What to produce - The following data has a line with "#101=VERTEX_POINT('',#100);" and a line with "#114=VECTOR('',#113,1.);". Write out exactly those lines and all the lines between them.

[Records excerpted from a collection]
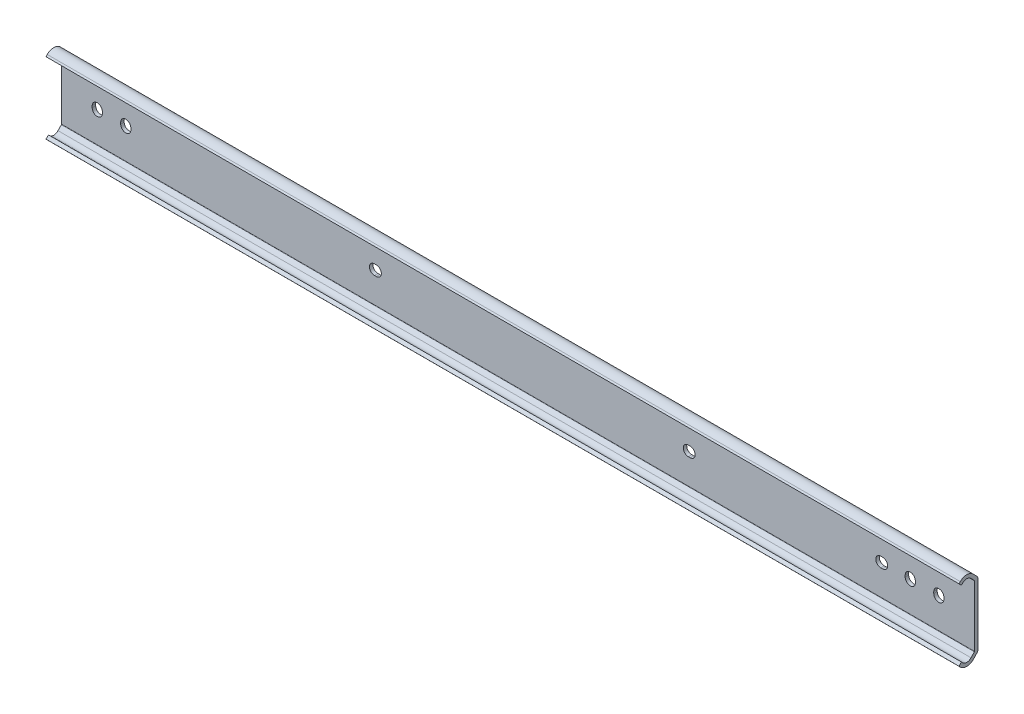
ISO-10303-21;
HEADER;
FILE_DESCRIPTION(('STEP AP214'),'2;1');
FILE_NAME('part.step','',(''),(''),'','','');
FILE_SCHEMA(('AUTOMOTIVE_DESIGN { 1 0 10303 214 1 1 1 1 }'));
ENDSEC;
DATA;
#1=APPLICATION_CONTEXT('core data for automotive mechanical design processes');
#2=APPLICATION_PROTOCOL_DEFINITION('international standard','automotive_design',2000,#1);
#3=PRODUCT_CONTEXT('',#1,'mechanical');
#4=PRODUCT('Part','Part','',(#3));
#5=PRODUCT_RELATED_PRODUCT_CATEGORY('part','',(#4));
#6=PRODUCT_DEFINITION_FORMATION('','',#4);
#7=PRODUCT_DEFINITION_CONTEXT('part definition',#1,'design');
#8=PRODUCT_DEFINITION('design','',#6,#7);
#9=PRODUCT_DEFINITION_SHAPE('','',#8);
#10=(LENGTH_UNIT() NAMED_UNIT(*) SI_UNIT(.MILLI.,.METRE.));
#11=(NAMED_UNIT(*) PLANE_ANGLE_UNIT() SI_UNIT($,.RADIAN.));
#12=(NAMED_UNIT(*) SI_UNIT($,.STERADIAN.) SOLID_ANGLE_UNIT());
#13=UNCERTAINTY_MEASURE_WITH_UNIT(LENGTH_MEASURE(1.E-05),#10,'distance_accuracy_value','');
#14=(GEOMETRIC_REPRESENTATION_CONTEXT(3) GLOBAL_UNCERTAINTY_ASSIGNED_CONTEXT((#13)) GLOBAL_UNIT_ASSIGNED_CONTEXT((#10,
#11,#12)) REPRESENTATION_CONTEXT('',''));
#15=CARTESIAN_POINT('',(0.,0.,0.));
#16=DIRECTION('',(0.,0.,1.));
#17=DIRECTION('',(1.,0.,0.));
#18=AXIS2_PLACEMENT_3D('',#15,#16,#17);
#19=CARTESIAN_POINT('',(390.5,13.5610179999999,1.54999923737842));
#20=DIRECTION('',(0.,0.,-1.));
#21=DIRECTION('',(1.,0.,0.));
#22=AXIS2_PLACEMENT_3D('',#19,#20,#21);
#23=PLANE('',#22);
#24=DIRECTION('',(0.,-1.,0.));
#25=VECTOR('',#24,1.);
#26=CARTESIAN_POINT('',(-15.9,13.5610179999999,1.54999923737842));
#27=LINE('',#26,#25);
#28=CARTESIAN_POINT('',(-15.9,13.5610179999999,1.54999923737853));
#29=VERTEX_POINT('',#28);
#30=CARTESIAN_POINT('',(-15.9,-13.5610179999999,1.54999923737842));
#31=VERTEX_POINT('',#30);
#32=EDGE_CURVE('E566',#29,#31,#27,.T.);
#33=ORIENTED_EDGE('',*,*,#32,.T.);
#34=DIRECTION('',(-1.,0.,0.));
#35=VECTOR('',#34,1.);
#36=CARTESIAN_POINT('',(390.5,-13.5610179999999,1.54999923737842));
#37=LINE('',#36,#35);
#38=CARTESIAN_POINT('',(390.5,-13.5610179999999,1.54999923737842));
#39=VERTEX_POINT('',#38);
#40=EDGE_CURVE('E659',#39,#31,#37,.T.);
#41=ORIENTED_EDGE('',*,*,#40,.F.);
#42=DIRECTION('',(0.,-1.,0.));
#43=VECTOR('',#42,1.);
#44=CARTESIAN_POINT('',(390.5,13.5610179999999,1.54999923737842));
#45=LINE('',#44,#43);
#46=CARTESIAN_POINT('',(390.5,13.5610179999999,1.54999923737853));
#47=VERTEX_POINT('',#46);
#48=EDGE_CURVE('E607',#47,#39,#45,.T.);
#49=ORIENTED_EDGE('',*,*,#48,.F.);
#50=DIRECTION('',(-1.,0.,0.));
#51=VECTOR('',#50,1.);
#52=CARTESIAN_POINT('',(390.5,13.5610179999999,1.54999923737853));
#53=LINE('',#52,#51);
#54=EDGE_CURVE('E662',#47,#29,#53,.T.);
#55=ORIENTED_EDGE('',*,*,#54,.T.);
#56=EDGE_LOOP('',(#33,#41,#49,#55));
#57=FACE_BOUND('',#56,.T.);
#58=DIRECTION('',(1.,0.,0.));
#59=VECTOR('',#58,1.);
#60=CARTESIAN_POINT('',(123.4,-2.24999999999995,1.54999923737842));
#61=LINE('',#60,#59);
#62=CARTESIAN_POINT('',(123.4,-2.24999999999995,1.54999923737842));
#63=VERTEX_POINT('',#62);
#64=CARTESIAN_POINT('',(124.2,-2.24999999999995,1.54999923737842));
#65=VERTEX_POINT('',#64);
#66=EDGE_CURVE('E346',#63,#65,#61,.T.);
#67=ORIENTED_EDGE('',*,*,#66,.F.);
#68=CARTESIAN_POINT('',(123.4,0.,1.54999923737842));
#69=DIRECTION('',(0.,0.,1.));
#70=DIRECTION('',(-1.,0.,0.));
#71=AXIS2_PLACEMENT_3D('',#68,#69,#70);
#72=CIRCLE('',#71,2.24999999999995);
#73=CARTESIAN_POINT('',(123.4,2.24999999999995,1.54999923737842));
#74=VERTEX_POINT('',#73);
#75=EDGE_CURVE('E29',#74,#63,#72,.T.);
#76=ORIENTED_EDGE('',*,*,#75,.F.);
#77=DIRECTION('',(-1.,0.,0.));
#78=VECTOR('',#77,1.);
#79=CARTESIAN_POINT('',(124.2,2.24999999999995,1.54999923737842));
#80=LINE('',#79,#78);
#81=CARTESIAN_POINT('',(124.2,2.24999999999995,1.54999923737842));
#82=VERTEX_POINT('',#81);
#83=EDGE_CURVE('E337',#82,#74,#80,.T.);
#84=ORIENTED_EDGE('',*,*,#83,.F.);
#85=CARTESIAN_POINT('',(124.2,0.,1.54999923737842));
#86=DIRECTION('',(0.,0.,1.));
#87=DIRECTION('',(-1.,0.,0.));
#88=AXIS2_PLACEMENT_3D('',#85,#86,#87);
#89=CIRCLE('',#88,2.24999999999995);
#90=EDGE_CURVE('E340',#65,#82,#89,.T.);
#91=ORIENTED_EDGE('',*,*,#90,.F.);
#92=EDGE_LOOP('',(#67,#76,#84,#91));
#93=FACE_BOUND('',#92,.T.);
#94=DIRECTION('',(1.,0.,0.));
#95=VECTOR('',#94,1.);
#96=CARTESIAN_POINT('',(263.1,-2.24999999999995,1.54999923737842));
#97=LINE('',#96,#95);
#98=CARTESIAN_POINT('',(263.1,-2.24999999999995,1.54999923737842));
#99=VERTEX_POINT('',#98);
#100=CARTESIAN_POINT('',(263.9,-2.24999999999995,1.54999923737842));
#101=VERTEX_POINT('',#100);
#102=EDGE_CURVE('E371',#99,#101,#97,.T.);
#103=ORIENTED_EDGE('',*,*,#102,.F.);
#104=CARTESIAN_POINT('',(263.1,0.,1.54999923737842));
#105=DIRECTION('',(0.,0.,1.));
#106=DIRECTION('',(-1.,0.,0.));
#107=AXIS2_PLACEMENT_3D('',#104,#105,#106);
#108=CIRCLE('',#107,2.24999999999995);
#109=CARTESIAN_POINT('',(263.1,2.24999999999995,1.54999923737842));
#110=VERTEX_POINT('',#109);
#111=EDGE_CURVE('E352',#110,#99,#108,.T.);
#112=ORIENTED_EDGE('',*,*,#111,.F.);
#113=DIRECTION('',(-1.,0.,0.));
#114=VECTOR('',#113,1.);
#115=CARTESIAN_POINT('',(263.9,2.24999999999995,1.54999923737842));
#116=LINE('',#115,#114);
#117=CARTESIAN_POINT('',(263.9,2.24999999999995,1.54999923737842));
#118=VERTEX_POINT('',#117);
#119=EDGE_CURVE('E360',#118,#110,#116,.T.);
#120=ORIENTED_EDGE('',*,*,#119,.F.);
#121=CARTESIAN_POINT('',(263.9,0.,1.54999923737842));
#122=DIRECTION('',(0.,0.,1.));
#123=DIRECTION('',(-1.,0.,0.));
#124=AXIS2_PLACEMENT_3D('',#121,#122,#123);
#125=CIRCLE('',#124,2.24999999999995);
#126=EDGE_CURVE('E374',#101,#118,#125,.T.);
#127=ORIENTED_EDGE('',*,*,#126,.F.);
#128=EDGE_LOOP('',(#103,#112,#120,#127));
#129=FACE_BOUND('',#128,.T.);
#130=DIRECTION('',(1.,0.,0.));
#131=VECTOR('',#130,1.);
#132=CARTESIAN_POINT('',(348.8,-2.24999999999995,1.54999923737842));
#133=LINE('',#132,#131);
#134=CARTESIAN_POINT('',(348.8,-2.24999999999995,1.54999923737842));
#135=VERTEX_POINT('',#134);
#136=CARTESIAN_POINT('',(349.6,-2.24999999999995,1.54999923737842));
#137=VERTEX_POINT('',#136);
#138=EDGE_CURVE('E403',#135,#137,#133,.T.);
#139=ORIENTED_EDGE('',*,*,#138,.F.);
#140=CARTESIAN_POINT('',(348.8,0.,1.54999923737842));
#141=DIRECTION('',(0.,0.,1.));
#142=DIRECTION('',(-1.,0.,0.));
#143=AXIS2_PLACEMENT_3D('',#140,#141,#142);
#144=CIRCLE('',#143,2.24999999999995);
#145=CARTESIAN_POINT('',(348.8,2.24999999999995,1.54999923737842));
#146=VERTEX_POINT('',#145);
#147=EDGE_CURVE('E381',#146,#135,#144,.T.);
#148=ORIENTED_EDGE('',*,*,#147,.F.);
#149=DIRECTION('',(-1.,0.,0.));
#150=VECTOR('',#149,1.);
#151=CARTESIAN_POINT('',(349.6,2.24999999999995,1.54999923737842));
#152=LINE('',#151,#150);
#153=CARTESIAN_POINT('',(349.6,2.24999999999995,1.54999923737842));
#154=VERTEX_POINT('',#153);
#155=EDGE_CURVE('E392',#154,#146,#152,.T.);
#156=ORIENTED_EDGE('',*,*,#155,.F.);
#157=CARTESIAN_POINT('',(349.6,0.,1.54999923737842));
#158=DIRECTION('',(0.,0.,1.));
#159=DIRECTION('',(-1.,0.,0.));
#160=AXIS2_PLACEMENT_3D('',#157,#158,#159);
#161=CIRCLE('',#160,2.24999999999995);
#162=EDGE_CURVE('E406',#137,#154,#161,.T.);
#163=ORIENTED_EDGE('',*,*,#162,.F.);
#164=EDGE_LOOP('',(#139,#148,#156,#163));
#165=FACE_BOUND('',#164,.T.);
#166=DIRECTION('',(0.,-1.,0.));
#167=VECTOR('',#166,1.);
#168=CARTESIAN_POINT('',(-2.25,-0.4,1.54999923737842));
#169=LINE('',#168,#167);
#170=CARTESIAN_POINT('',(-2.25,0.4,1.54999923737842));
#171=VERTEX_POINT('',#170);
#172=CARTESIAN_POINT('',(-2.25,-0.4,1.54999923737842));
#173=VERTEX_POINT('',#172);
#174=EDGE_CURVE('E435',#171,#173,#169,.T.);
#175=ORIENTED_EDGE('',*,*,#174,.F.);
#176=CARTESIAN_POINT('',(0.,0.4,1.54999923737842));
#177=DIRECTION('',(0.,0.,1.));
#178=DIRECTION('',(-1.,0.,0.));
#179=AXIS2_PLACEMENT_3D('',#176,#177,#178);
#180=CIRCLE('',#179,2.24999999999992);
#181=CARTESIAN_POINT('',(2.25,0.4,1.54999923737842));
#182=VERTEX_POINT('',#181);
#183=EDGE_CURVE('E413',#182,#171,#180,.T.);
#184=ORIENTED_EDGE('',*,*,#183,.F.);
#185=DIRECTION('',(0.,1.,0.));
#186=VECTOR('',#185,1.);
#187=CARTESIAN_POINT('',(2.25,-0.4,1.54999923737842));
#188=LINE('',#187,#186);
#189=CARTESIAN_POINT('',(2.25,-0.4,1.54999923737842));
#190=VERTEX_POINT('',#189);
#191=EDGE_CURVE('E424',#190,#182,#188,.T.);
#192=ORIENTED_EDGE('',*,*,#191,.F.);
#193=CARTESIAN_POINT('',(0.,-0.4,1.54999923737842));
#194=DIRECTION('',(0.,0.,1.));
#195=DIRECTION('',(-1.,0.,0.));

Response area -
#101=VERTEX_POINT('',#100);
#102=EDGE_CURVE('E371',#99,#101,#97,.T.);
#103=ORIENTED_EDGE('',*,*,#102,.F.);
#104=CARTESIAN_POINT('',(263.1,0.,1.54999923737842));
#105=DIRECTION('',(0.,0.,1.));
#106=DIRECTION('',(-1.,0.,0.));
#107=AXIS2_PLACEMENT_3D('',#104,#105,#106);
#108=CIRCLE('',#107,2.24999999999995);
#109=CARTESIAN_POINT('',(263.1,2.24999999999995,1.54999923737842));
#110=VERTEX_POINT('',#109);
#111=EDGE_CURVE('E352',#110,#99,#108,.T.);
#112=ORIENTED_EDGE('',*,*,#111,.F.);
#113=DIRECTION('',(-1.,0.,0.));
#114=VECTOR('',#113,1.);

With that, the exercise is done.